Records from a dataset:
---
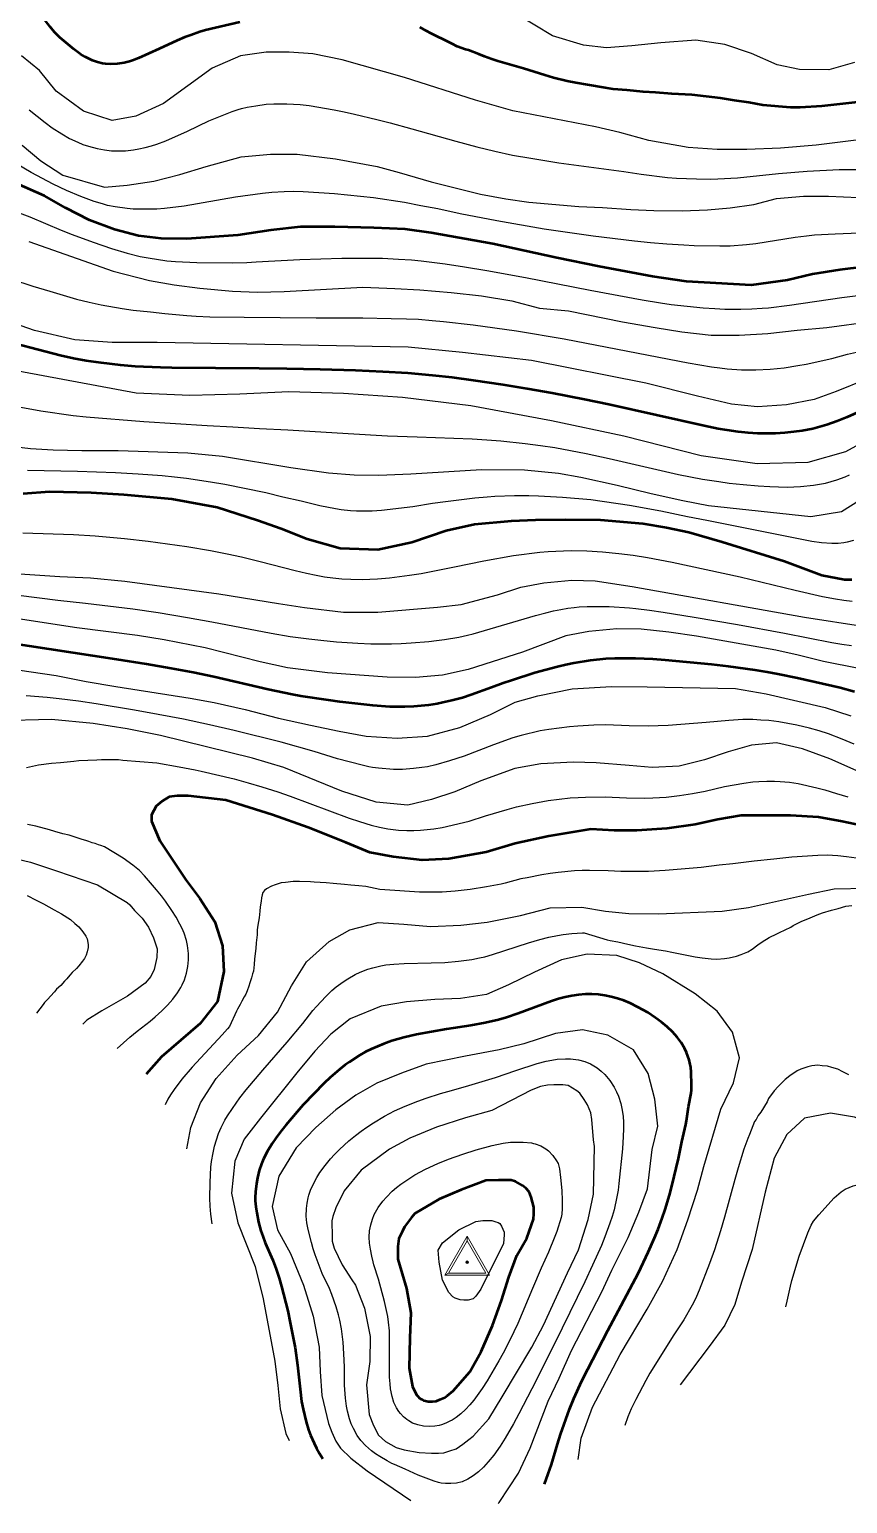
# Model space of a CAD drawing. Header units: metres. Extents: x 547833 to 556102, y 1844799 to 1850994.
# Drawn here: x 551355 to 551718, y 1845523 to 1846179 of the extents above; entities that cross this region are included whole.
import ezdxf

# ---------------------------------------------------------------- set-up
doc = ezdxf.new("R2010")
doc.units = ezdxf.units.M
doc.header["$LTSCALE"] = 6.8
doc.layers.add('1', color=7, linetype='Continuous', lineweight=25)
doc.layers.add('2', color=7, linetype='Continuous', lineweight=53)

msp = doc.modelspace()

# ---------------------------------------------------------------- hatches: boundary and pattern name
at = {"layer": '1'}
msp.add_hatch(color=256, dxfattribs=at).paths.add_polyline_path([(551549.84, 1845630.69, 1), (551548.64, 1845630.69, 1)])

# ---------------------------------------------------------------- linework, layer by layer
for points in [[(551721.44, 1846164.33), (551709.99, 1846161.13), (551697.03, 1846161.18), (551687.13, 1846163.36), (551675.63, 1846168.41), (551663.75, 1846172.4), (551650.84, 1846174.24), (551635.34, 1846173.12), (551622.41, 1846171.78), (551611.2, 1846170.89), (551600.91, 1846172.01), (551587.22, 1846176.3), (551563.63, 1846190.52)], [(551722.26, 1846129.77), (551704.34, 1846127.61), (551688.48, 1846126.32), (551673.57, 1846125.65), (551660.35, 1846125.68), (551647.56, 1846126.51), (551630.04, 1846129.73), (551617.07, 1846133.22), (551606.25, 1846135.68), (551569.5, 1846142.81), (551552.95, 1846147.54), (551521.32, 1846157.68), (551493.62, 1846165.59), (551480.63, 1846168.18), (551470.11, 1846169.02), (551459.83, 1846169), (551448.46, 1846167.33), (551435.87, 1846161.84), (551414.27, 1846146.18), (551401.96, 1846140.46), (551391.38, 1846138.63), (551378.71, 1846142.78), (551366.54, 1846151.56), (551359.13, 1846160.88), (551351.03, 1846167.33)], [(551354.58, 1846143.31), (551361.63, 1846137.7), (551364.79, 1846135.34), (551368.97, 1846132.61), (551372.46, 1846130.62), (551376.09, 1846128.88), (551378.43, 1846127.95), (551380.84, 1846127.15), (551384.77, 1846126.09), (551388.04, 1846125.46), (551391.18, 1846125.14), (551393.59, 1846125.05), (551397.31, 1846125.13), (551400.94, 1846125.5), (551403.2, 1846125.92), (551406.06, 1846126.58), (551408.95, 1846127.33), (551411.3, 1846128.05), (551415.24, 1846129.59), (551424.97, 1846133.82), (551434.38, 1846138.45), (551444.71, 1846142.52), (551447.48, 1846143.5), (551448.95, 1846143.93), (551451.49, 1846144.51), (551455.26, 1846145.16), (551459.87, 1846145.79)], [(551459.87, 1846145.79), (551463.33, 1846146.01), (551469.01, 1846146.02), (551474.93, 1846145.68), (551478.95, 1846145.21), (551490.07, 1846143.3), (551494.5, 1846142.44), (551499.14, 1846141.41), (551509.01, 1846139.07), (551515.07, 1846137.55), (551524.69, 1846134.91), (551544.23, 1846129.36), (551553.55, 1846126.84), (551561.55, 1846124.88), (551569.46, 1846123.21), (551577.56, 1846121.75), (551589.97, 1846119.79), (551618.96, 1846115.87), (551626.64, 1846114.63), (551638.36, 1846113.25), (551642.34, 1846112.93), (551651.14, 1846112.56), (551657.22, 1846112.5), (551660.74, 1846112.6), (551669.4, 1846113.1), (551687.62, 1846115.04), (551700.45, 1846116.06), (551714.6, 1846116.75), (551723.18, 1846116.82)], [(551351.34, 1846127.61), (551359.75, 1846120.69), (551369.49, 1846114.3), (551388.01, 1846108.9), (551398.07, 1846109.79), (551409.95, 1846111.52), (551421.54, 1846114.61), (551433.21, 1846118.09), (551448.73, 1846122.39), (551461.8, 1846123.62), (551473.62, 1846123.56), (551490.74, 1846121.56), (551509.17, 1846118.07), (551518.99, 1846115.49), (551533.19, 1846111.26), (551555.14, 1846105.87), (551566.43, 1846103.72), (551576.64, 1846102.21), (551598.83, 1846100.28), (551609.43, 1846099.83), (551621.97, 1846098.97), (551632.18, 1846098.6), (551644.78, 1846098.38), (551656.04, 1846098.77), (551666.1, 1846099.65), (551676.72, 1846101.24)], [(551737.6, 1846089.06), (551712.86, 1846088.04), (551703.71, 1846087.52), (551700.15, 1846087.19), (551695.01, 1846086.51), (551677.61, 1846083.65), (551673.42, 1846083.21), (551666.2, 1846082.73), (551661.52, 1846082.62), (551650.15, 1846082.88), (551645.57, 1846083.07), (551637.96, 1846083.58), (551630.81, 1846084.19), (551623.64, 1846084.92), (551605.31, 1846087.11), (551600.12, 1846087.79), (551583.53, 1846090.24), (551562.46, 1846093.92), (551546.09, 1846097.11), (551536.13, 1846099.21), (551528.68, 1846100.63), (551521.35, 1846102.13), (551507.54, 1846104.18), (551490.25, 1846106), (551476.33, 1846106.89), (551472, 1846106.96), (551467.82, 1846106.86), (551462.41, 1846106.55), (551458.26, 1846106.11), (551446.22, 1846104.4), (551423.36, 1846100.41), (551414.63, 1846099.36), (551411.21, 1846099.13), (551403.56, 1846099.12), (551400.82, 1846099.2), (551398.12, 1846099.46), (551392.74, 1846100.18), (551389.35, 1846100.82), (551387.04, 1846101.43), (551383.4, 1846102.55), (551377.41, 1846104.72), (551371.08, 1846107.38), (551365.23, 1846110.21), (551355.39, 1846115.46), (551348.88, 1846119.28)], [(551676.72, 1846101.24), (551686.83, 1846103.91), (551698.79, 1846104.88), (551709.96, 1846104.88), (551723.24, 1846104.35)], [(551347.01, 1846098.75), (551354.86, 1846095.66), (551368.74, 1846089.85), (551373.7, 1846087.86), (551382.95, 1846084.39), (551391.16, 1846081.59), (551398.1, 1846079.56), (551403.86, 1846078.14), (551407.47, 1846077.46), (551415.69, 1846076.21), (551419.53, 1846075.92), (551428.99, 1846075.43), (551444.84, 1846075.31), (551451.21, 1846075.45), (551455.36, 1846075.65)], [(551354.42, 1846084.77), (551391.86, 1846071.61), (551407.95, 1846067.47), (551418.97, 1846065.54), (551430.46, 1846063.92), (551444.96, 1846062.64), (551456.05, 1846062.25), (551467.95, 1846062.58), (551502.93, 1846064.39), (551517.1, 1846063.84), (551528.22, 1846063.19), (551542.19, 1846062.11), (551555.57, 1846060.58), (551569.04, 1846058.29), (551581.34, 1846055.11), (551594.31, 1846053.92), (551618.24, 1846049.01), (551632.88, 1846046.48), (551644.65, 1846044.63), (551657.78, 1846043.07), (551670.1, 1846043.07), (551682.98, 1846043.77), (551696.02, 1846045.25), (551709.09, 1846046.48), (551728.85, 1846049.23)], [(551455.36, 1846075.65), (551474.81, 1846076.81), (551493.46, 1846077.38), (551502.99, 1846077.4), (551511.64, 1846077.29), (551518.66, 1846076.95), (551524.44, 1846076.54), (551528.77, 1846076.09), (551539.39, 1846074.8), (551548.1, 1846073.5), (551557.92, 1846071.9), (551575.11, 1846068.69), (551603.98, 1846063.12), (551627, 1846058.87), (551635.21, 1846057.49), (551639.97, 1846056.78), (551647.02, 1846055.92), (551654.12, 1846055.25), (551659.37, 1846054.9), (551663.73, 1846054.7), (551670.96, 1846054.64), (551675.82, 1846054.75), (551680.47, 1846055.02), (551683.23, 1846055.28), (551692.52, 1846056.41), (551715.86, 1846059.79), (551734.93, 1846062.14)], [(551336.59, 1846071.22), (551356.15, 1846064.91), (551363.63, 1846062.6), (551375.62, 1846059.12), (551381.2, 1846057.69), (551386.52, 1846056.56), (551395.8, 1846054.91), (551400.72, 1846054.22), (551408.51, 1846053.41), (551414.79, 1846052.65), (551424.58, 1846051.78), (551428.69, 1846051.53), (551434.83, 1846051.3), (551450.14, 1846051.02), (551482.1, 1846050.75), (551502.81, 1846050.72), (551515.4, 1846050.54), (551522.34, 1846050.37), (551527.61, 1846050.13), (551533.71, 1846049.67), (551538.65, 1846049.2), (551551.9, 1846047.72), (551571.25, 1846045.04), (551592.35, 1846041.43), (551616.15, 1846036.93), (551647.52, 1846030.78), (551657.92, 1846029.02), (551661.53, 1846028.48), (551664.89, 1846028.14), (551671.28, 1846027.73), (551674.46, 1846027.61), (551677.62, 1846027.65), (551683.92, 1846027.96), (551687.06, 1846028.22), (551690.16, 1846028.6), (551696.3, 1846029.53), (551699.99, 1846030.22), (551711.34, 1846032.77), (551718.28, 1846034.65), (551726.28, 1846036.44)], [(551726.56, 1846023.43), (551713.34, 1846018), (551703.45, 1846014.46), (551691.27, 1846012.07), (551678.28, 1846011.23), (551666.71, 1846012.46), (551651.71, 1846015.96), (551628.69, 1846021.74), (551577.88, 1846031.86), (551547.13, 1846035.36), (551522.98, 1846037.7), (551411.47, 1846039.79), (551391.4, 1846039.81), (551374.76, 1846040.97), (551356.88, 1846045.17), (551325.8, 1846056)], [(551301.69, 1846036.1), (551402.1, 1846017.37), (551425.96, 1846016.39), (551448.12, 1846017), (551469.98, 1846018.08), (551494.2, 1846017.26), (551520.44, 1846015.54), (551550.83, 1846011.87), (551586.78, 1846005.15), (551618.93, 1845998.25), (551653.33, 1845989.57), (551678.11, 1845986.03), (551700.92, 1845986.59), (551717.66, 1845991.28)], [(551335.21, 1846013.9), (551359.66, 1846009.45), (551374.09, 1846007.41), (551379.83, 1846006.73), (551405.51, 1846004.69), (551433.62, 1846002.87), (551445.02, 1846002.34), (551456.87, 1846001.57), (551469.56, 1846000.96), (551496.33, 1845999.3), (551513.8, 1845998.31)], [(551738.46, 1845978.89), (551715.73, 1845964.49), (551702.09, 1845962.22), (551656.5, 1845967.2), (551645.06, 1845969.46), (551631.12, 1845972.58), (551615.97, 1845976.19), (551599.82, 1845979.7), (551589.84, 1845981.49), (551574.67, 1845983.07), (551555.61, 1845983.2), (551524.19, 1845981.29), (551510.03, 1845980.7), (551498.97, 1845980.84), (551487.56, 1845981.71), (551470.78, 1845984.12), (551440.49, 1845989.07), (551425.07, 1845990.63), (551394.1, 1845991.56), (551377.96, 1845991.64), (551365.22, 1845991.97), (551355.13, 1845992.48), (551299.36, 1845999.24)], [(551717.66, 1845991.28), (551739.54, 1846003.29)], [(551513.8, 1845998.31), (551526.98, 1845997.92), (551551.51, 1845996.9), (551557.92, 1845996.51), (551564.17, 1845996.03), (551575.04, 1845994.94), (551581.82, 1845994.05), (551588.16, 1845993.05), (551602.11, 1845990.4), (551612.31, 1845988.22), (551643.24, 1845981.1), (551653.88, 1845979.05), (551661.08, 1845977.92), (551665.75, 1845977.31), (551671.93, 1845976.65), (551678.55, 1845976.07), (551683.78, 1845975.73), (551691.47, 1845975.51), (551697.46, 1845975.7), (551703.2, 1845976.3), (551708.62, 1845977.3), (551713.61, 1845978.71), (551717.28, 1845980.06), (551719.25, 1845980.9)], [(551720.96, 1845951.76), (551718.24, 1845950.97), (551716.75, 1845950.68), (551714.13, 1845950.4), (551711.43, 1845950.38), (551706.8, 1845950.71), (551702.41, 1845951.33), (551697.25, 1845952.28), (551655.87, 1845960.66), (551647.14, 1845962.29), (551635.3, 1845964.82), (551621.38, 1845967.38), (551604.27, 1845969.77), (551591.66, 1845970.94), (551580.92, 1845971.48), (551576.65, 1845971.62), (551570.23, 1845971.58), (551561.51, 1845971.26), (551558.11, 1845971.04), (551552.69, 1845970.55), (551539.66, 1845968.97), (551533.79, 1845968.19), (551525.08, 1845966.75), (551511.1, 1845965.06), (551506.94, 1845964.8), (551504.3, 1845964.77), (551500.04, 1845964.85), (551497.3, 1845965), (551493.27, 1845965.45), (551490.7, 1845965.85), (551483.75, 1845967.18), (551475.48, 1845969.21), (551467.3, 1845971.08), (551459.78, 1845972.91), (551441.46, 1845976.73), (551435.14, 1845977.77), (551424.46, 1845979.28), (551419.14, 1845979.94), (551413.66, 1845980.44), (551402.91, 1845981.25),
---
* _PROBLEM TO WORK ON_:
Return, unchanged, the run of lines above that opens with the line containing "(551548.64, 1845630.69, 1)])" and closes with the line containing "layer by layer". Include both.

* _REPLY_:
msp.add_hatch(color=256, dxfattribs=at).paths.add_polyline_path([(551549.84, 1845630.69, 1), (551548.64, 1845630.69, 1)])

# ---------------------------------------------------------------- linework, layer by layer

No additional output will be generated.